Ya que ese es el caso, la señora Li decidió atacar primero.

Pensó en decirles a los aldeanos que Shuangshuang le había dado todos los faisanes a ella, así los aldeanos pensarían que esos faisanes pertenecían a la Antigua Familia Yu.

Cuando Shuangshuang y ese mocoso estuvieran a punto de irse más tarde, llamaría a los aldeanos para que vinieran a mirar.

Incluso los más descarados no se atreverían a llevarse estos faisanes y huevos frente a todos en la aldea.

—La hija de Si Niang es realmente especial, igual que Si Niang cuando era joven.

—Tu Antigua Familia Yu debe haber hecho algo bueno en tiempos de tus antepasados para tener una nieta tan capaz. Hay muchos faisanes en la Aldea de la Familia Yu, pero pocos pueden atraparlos. ¡Verdaderamente he aprendido algo hoy!

—En efecto, nosotros de la Antigua Familia Yu no mantenemos a gente que no trabaja. ¡Si quieres comer, tienes que trabajar!

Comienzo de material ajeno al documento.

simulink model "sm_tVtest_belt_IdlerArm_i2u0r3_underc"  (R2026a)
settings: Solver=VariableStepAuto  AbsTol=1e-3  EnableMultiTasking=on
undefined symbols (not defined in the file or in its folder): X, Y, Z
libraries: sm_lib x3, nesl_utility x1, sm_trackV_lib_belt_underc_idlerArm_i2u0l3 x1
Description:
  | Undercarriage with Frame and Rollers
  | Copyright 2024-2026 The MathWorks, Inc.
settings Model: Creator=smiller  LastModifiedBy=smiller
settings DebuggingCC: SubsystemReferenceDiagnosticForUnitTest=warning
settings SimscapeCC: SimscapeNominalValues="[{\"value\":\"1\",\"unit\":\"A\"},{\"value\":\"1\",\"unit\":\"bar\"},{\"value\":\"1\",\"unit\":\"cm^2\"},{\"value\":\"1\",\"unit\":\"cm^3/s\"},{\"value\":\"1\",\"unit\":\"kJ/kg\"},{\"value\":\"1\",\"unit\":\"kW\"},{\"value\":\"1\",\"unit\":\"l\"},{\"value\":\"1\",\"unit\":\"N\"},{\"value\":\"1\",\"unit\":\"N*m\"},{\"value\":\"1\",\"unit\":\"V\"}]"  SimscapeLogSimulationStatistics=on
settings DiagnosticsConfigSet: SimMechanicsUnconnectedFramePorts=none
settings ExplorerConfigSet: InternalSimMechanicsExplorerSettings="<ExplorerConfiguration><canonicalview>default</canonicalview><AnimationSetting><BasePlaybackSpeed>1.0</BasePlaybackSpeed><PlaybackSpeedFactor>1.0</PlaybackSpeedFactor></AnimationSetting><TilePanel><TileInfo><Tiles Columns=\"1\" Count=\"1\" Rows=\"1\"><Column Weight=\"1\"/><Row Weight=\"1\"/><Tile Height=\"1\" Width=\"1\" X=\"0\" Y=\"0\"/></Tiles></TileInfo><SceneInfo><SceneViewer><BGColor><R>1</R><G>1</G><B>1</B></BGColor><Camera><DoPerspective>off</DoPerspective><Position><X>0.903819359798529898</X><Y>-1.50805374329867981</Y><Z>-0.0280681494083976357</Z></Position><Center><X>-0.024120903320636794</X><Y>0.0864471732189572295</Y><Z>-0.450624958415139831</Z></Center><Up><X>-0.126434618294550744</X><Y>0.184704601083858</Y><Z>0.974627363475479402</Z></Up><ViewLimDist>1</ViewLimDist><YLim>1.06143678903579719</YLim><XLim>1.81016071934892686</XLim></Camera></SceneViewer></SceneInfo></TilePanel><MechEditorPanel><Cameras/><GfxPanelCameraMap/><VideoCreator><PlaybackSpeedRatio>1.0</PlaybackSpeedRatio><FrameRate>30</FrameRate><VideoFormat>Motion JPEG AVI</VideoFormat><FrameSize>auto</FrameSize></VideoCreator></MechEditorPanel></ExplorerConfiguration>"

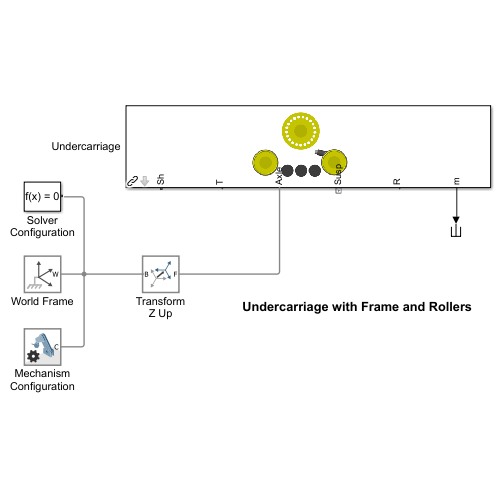
[thumbnail: Simulink's stored preview of the top-level diagram]
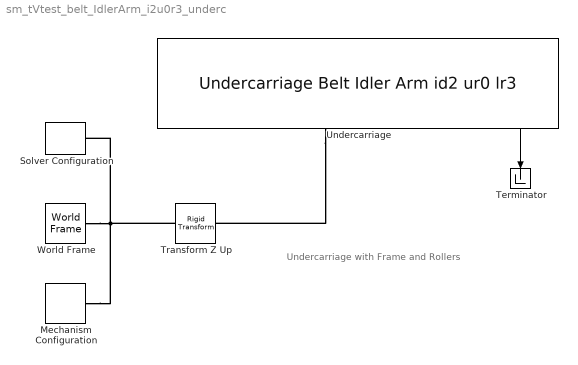
== system sm_tVtest_belt_IdlerArm_i2u0r3_underc ==
  note: Undercarriage with Frame and Rollers
  Mechanism Configuration : sm_lib/Utilities/Mechanism Configuration  UniformGravity=Constant  GravityVector=[0 0 -9.80665]  GravityVectorUnits=m/s^2  LinearizationDelta=0.001  JointModeTransitionNonlinearIterations=2
  Solver Configuration : nesl_utility/Solver Configuration  PhysicalDomain=network_engine_domain  SubClassName=solver  LeftPortType=input  RightPortType=generic  Tones=[]  Harmonics=[]  SimulateNoise=off  Profile=off  UseLocalSampling=off  EnableSwitchedLinearOptims=on  FrequencyDomain=off  UseCCode=off  RelTol=0.001  AbsTol=1e-06  MinStep=1e-09  ToWorkspace=off  RevertToSquareIcSolve=off  NumHomotopyIterations=100  PhasorMode=off  PhasorModeNumHarmonics=1  ConsistencySolver=NEWTON_XTOL_AFTER_FTOL  CanonicalOrdering=UNORDERED  OptimizeIntermediates=UNOPTIMIZED  IndexReductionMethod=DerivativeReplacement  DoDC=off  ResidualTolerance=1e-09  ConsistencyTolSource=GLOBAL  ConsistencyAbsTol=0.001  ConsistencyRelTol=0.001  ConsistencyTolFactor=0.001  UseLocalSolver=off  LocalSolverChoice=NE_BACKWARD_EULER_ADVANCER  ResolveIndetEquations=on  FunctionEvalNumThread=1  LocalSolverSampleTime=0.001  DoFixedCost=off  MaxNonlinIter=3  MaxModeIter=2  ComputeImpulses=off  ImpulseIterations=2  LinearAlgebra=Sparse  LinearAlgebraNumThread=0  EquationFormulation=NE_TIME_EF  DelaysMemoryBudget=1024  AutomaticFiltering=on  FilteringTimeConstant=0.001  PartitionStorageMethod=AS_NEEDED  PartitionMemoryBudget=1024  PartitionMethod=FAST  MultibodyUseLocalSolver=off  MultibodyLocalSolverChoice=ODE1  MultibodyLocalSolverSampleTime=0.001
  Terminator : Terminator
  Transform Z Up : sm_lib/Frames and Transforms/Rigid Transform  RotationMethod=StandardAxis  FollAlignAxisA=+X  BaseAlignAxisA=+Y  FollAlignAxisB=+Y  BaseAlignAxisB=+Z  RotationStandardAxis=+X  RotationAngle=-90  RotationAngleUnits=deg  RotationArbitraryAxis=[0 0 1]  RotationSequenceAxes=FollowerAxes  RotationSequence=XYX  RotationSequenceAngles=[0 0 0]  RotationSequenceAnglesUnits=deg  RotationMatrix=[1 0 0; 0 1 0; 0 0 1]  Quaternion=[1 0 0 0]  TranslationMethod=None  TranslationCartesianOffset=[0 0 0]  TranslationCartesianOffsetUnits=m  TranslationStandardAxis=+Z  TranslationStandardOffset=0  TranslationStandardOffsetUnits=m  TranslationROffset=0  TranslationROffsetUnits=m  TranslationThetaOffset=0  TranslationThetaOffsetUnits=deg  TranslationZOffset=0  TranslationZOffsetUnits=m
  Undercarriage : sm_trackV_lib_belt_underc_idlerArm_i2u0l3/Undercarriage Belt Idler Arm id2 ur0 lr3  popup_leftOrRight=Right  sprk_rad_roll=Trac.Sprocket.Roller.rad  sprk_wid_roll=Trac.Sprocket.Roller.wid  sprk_clr=Trac.Sprocket.Roller.clr  sprk_opc=Trac.Sprocket.Roller.opc  sprk_rim_ir=Trac.Sprocket.Rim.rad_inner  sprk_rim_thk=Trac.Sprocket.Rim.thk  sprk_rim_spoke_xc=Trac.Sprocket.Rim.spoke_xc  sprk_rad_pitch=Trac.Sprocket.Spoke.pitch_rad  sprk_spoke_rad=Trac.Sprocket.Spoke.rad  sprk_spoke_len=Trac.Sprocket.Spoke.len  sprk_spoke_num=Trac.Sprocket.nSpokes  sprk_contgeo_roller_clr=Trac.Sprocket.roller_contact.clr  sprk_contgeo_roller_opc=Trac.Sprocket.roller_contact.opc  sprk_contgeo_spoke_clr=Trac.Sprocket.spoke_contact.clr  sprk_contgeo_spoke_opc=Trac.Sprocket.spoke_contact.opc  idlerR_rad=Trac.IdlerR.rad  idlerF_rad=Trac.IdlerF.rad  idlerR_len=Trac.IdlerR.len  idlerF_len=Trac.IdlerF.len  idlerR_rho=Trac.IdlerR.rho  idlerF_rho=Trac.IdlerF.rho  idlerR_wheel_clr=Trac.IdlerR.Wheel.clr  idlerF_wheel_clr=Trac.IdlerF.Wheel.clr  idlerR_rim_rad=Trac.IdlerR.Rim.rad  idlerF_rim_rad=Trac.IdlerF.Rim.rad  idlerR_rim_hub_rad=Trac.IdlerR.Rim.hub_rad  idlerF_rim_hub_rad=Trac.IdlerF.Rim.hub_rad  idlerR_rim_xc=Trac.IdlerR.Rim.rim_xc  idlerF_rim_xc=Trac.IdlerF.Rim.rim_xc  idlerR_clr=Trac.IdlerR.clr  idlerF_clr=Trac.IdlerF.clr  idlerR_opc=Trac.IdlerR.opc  idlerF_opc=Trac.IdlerF.opc  idlerR_axle_rad=Trac.IdlerR.Axle.rad  idlerF_axle_rad=Trac.IdlerF.Axle.rad  idlerR_axle_len=Trac.IdlerR.Axle.len  idlerF_axle_len=Trac.IdlerF.Axle.len  idlerR_axle_rho=Trac.IdlerR.Axle.rho  idlerF_axle_rho=Trac.IdlerF.Axle.rho  idlerR_axle_clr=Trac.IdlerR.Axle.clr  idlerF_axle_clr=Trac.IdlerF.Axle.clr  idlerR_axle_opc=Trac.IdlerR.Axle.opc  idlerF_axle_opc=Trac.IdlerF.Axle.opc  idlerR_contgeo_clr=Trac.IdlerR.belt_contact.clr  idlerF_contgeo_clr=Trac.IdlerF.belt_contact.clr  idlerR_contgeo_opc=Trac.IdlerR.belt_contact.opc  idlerF_contgeo_opc=Trac.IdlerF.belt_contact.opc  arm_idlerc=Trac.IdlerArm.Pivot_to_Idler  arm_tens_x=Trac.IdlerArm.Pivot_to_TensionerX  arm_tens_y=Trac.IdlerArm.Pivot_to_TensionerY  arm_wid=Trac.IdlerArm.wid  arm_thk=Trac.IdlerArm.thk  arm_rho=Trac.IdlerArm.rho  arm_clr=Trac.IdlerArm.clr  arm_opc=Trac.IdlerArm.opc  roller_lower_len=Trac.Roller.Lower.len  roller_lower_rad=Trac.Roller.Lower.rad  roller_lower_rho=Trac.Roller.Lower.rho  roller_lower_clr=Trac.Roller.Lower.clr  roller_lower_opc=Trac.Roller.Lower.opc  roller_lower_rim_thk=Trac.Roller.Lower.rim_thk  roller_lower_rim_len=Trac.Roller.Lower.rim_len  roller_lower_axle_len=Trac.Roller.Lower.Axle.len  roller_lower_axle_rad=Trac.Roller.Lower.Axle.rad  roller_lower_axle_rho=Trac.Roller.Lower.Axle.rho  roller_lower_axle_clr=Trac.Roller.Lower.Axle.clr  roller_lower_axle_opc=Trac.Roller.Lower.Axle.opc  roller_lower_contgeo_clr=Trac.Roller.Lower.belt_contact.clr  roller_lower_contgeo_opc=Trac.Roller.Lower.belt_contact.opc  tensioner_cyl_len=Trac.IdlerF.Tensioner.cyl.len  tensioner_cyl_rad=Trac.IdlerF.Tensioner.cyl.rad  tensioner_cyl_rho=Trac.IdlerF.Tensioner.cyl.rho  tensioner_cyl_clr=Trac.IdlerF.Tensioner.cyl.clr  tensioner_cyl_opc=Trac.IdlerF.Tensioner.cyl.opc  tensioner_pist_len=Trac.IdlerF.Tensioner.piston.len  tensioner_pist_rad=Trac.IdlerF.Tensioner.piston.rad  tensioner_pist_rho=Trac.IdlerF.Tensioner.piston.rho  tensioner_pist_clr=Trac.IdlerF.Tensioner.piston.clr  tensioner_pist_opc=Trac.IdlerF.Tensioner.piston.opc  tensioner_br_len=Trac.IdlerF.Tensioner.bracket.len  tensioner_br_width=Trac.IdlerF.Tensioner.bracket.wid  tensioner_br_height=Trac.IdlerF.Tensioner.bracket.height  tensioner_br_thk=Trac.IdlerF.Tensioner.bracket.thk  tensioner_br_rho=Trac.IdlerF.Tensioner.bracket.rho  tensioner_br_clr=Trac.IdlerF.Tensioner.bracket.clr  tensioner_br_opc=Trac.IdlerF.Tensioner.bracket.opc  tensioner_eqpos=Trac.IdlerF.Tensioner.xeq  tensioner_x0=Trac.IdlerF.Tensioner.x0  tensioner_k=Trac.IdlerF.Tensioner.K  tensioner_b=Trac.IdlerF.Tensioner.B  popup_trackFrame=Fixed  roller_lower_x=Trac.Frame.SprkOffLon.Lower  axle_x=Trac.Frame.SprkOffLon.Axle  idlerFix_x=Trac.Frame.SprkOffLon.IdlerR  frame_pivot_x=Trac.Frame.SprkOffLon.PivotFra  tensionC_x=Trac.Frame.SprkOffLon.TensionC  idlerArm_x=Trac.Frame.SprkOffLon.IdlerArm  roller_lower_y=Trac.Frame.SprkOffVer.Lower  axle_y=Trac.Frame.SprkOffVer.Axle  idlerArm_y=Trac.Frame.SprkOffVer.IdlerArm  idlerFix_y=Trac.Frame.SprkOffVer.IdlerR  frame_pivot_y=Trac.Frame.SprkOffVer.PivotFra  tensionC_y=Trac.Frame.SprkOffVer.TensionC  frame_cg_offset=Trac.Frame.TrackFrame.CG  frame_mass=Trac.Frame.TrackFrame.Mass  frame_moi=Trac.Frame.TrackFrame.MOI  frame_poi=Trac.Frame.TrackFrame.POI  frame_roller_cg_offset=Trac.Frame.SprkFrame.CG  frame_roller_mass=Trac.Frame.SprkFrame.Mass  frame_roller_moi=Trac.Frame.SprkFrame.MOI  frame_roller_poi=Trac.Frame.SprkFrame.POI  roller_frame_pivot_range=Trac.Frame.PivotFra.Range  roller_frame_pivot_k=Trac.Frame.PivotFra.LimitK  roller_frame_pivot_b=Trac.Frame.PivotFra.LimitB  roller_frame_pivot_tw=Trac.Frame.PivotFra.LimitTW  frame_susp_offset=Trac.Frame.SuspOffset  popup_sense_roller=Actuator Torque
  World Frame : sm_lib/Frames and Transforms/World Frame
  wires:
  Undercarriage/1 -> Terminator/1
  connections:
  World Frame/RConn1 -- Transform Z Up/LConn1 -- Solver Configuration/RConn1 -- Mechanism Configuration/RConn1
  Undercarriage/RConn3 -- Transform Z Up/RConn1

La señora Li presumió ante todos hasta que toda la aldea se enteró, entonces se detuvo.

La Anciana Yu bajó de la montaña, justo a tiempo para escuchar a los aldeanos hablar, sabiendo que su segunda nuera estaba tramando algo malo otra vez.

—Segunda nuera, ¿cómo puedes decir eso? Esos faisanes fueron atrapados por Fengzi —la Anciana Yu desaprobaba las acciones de la señora Li.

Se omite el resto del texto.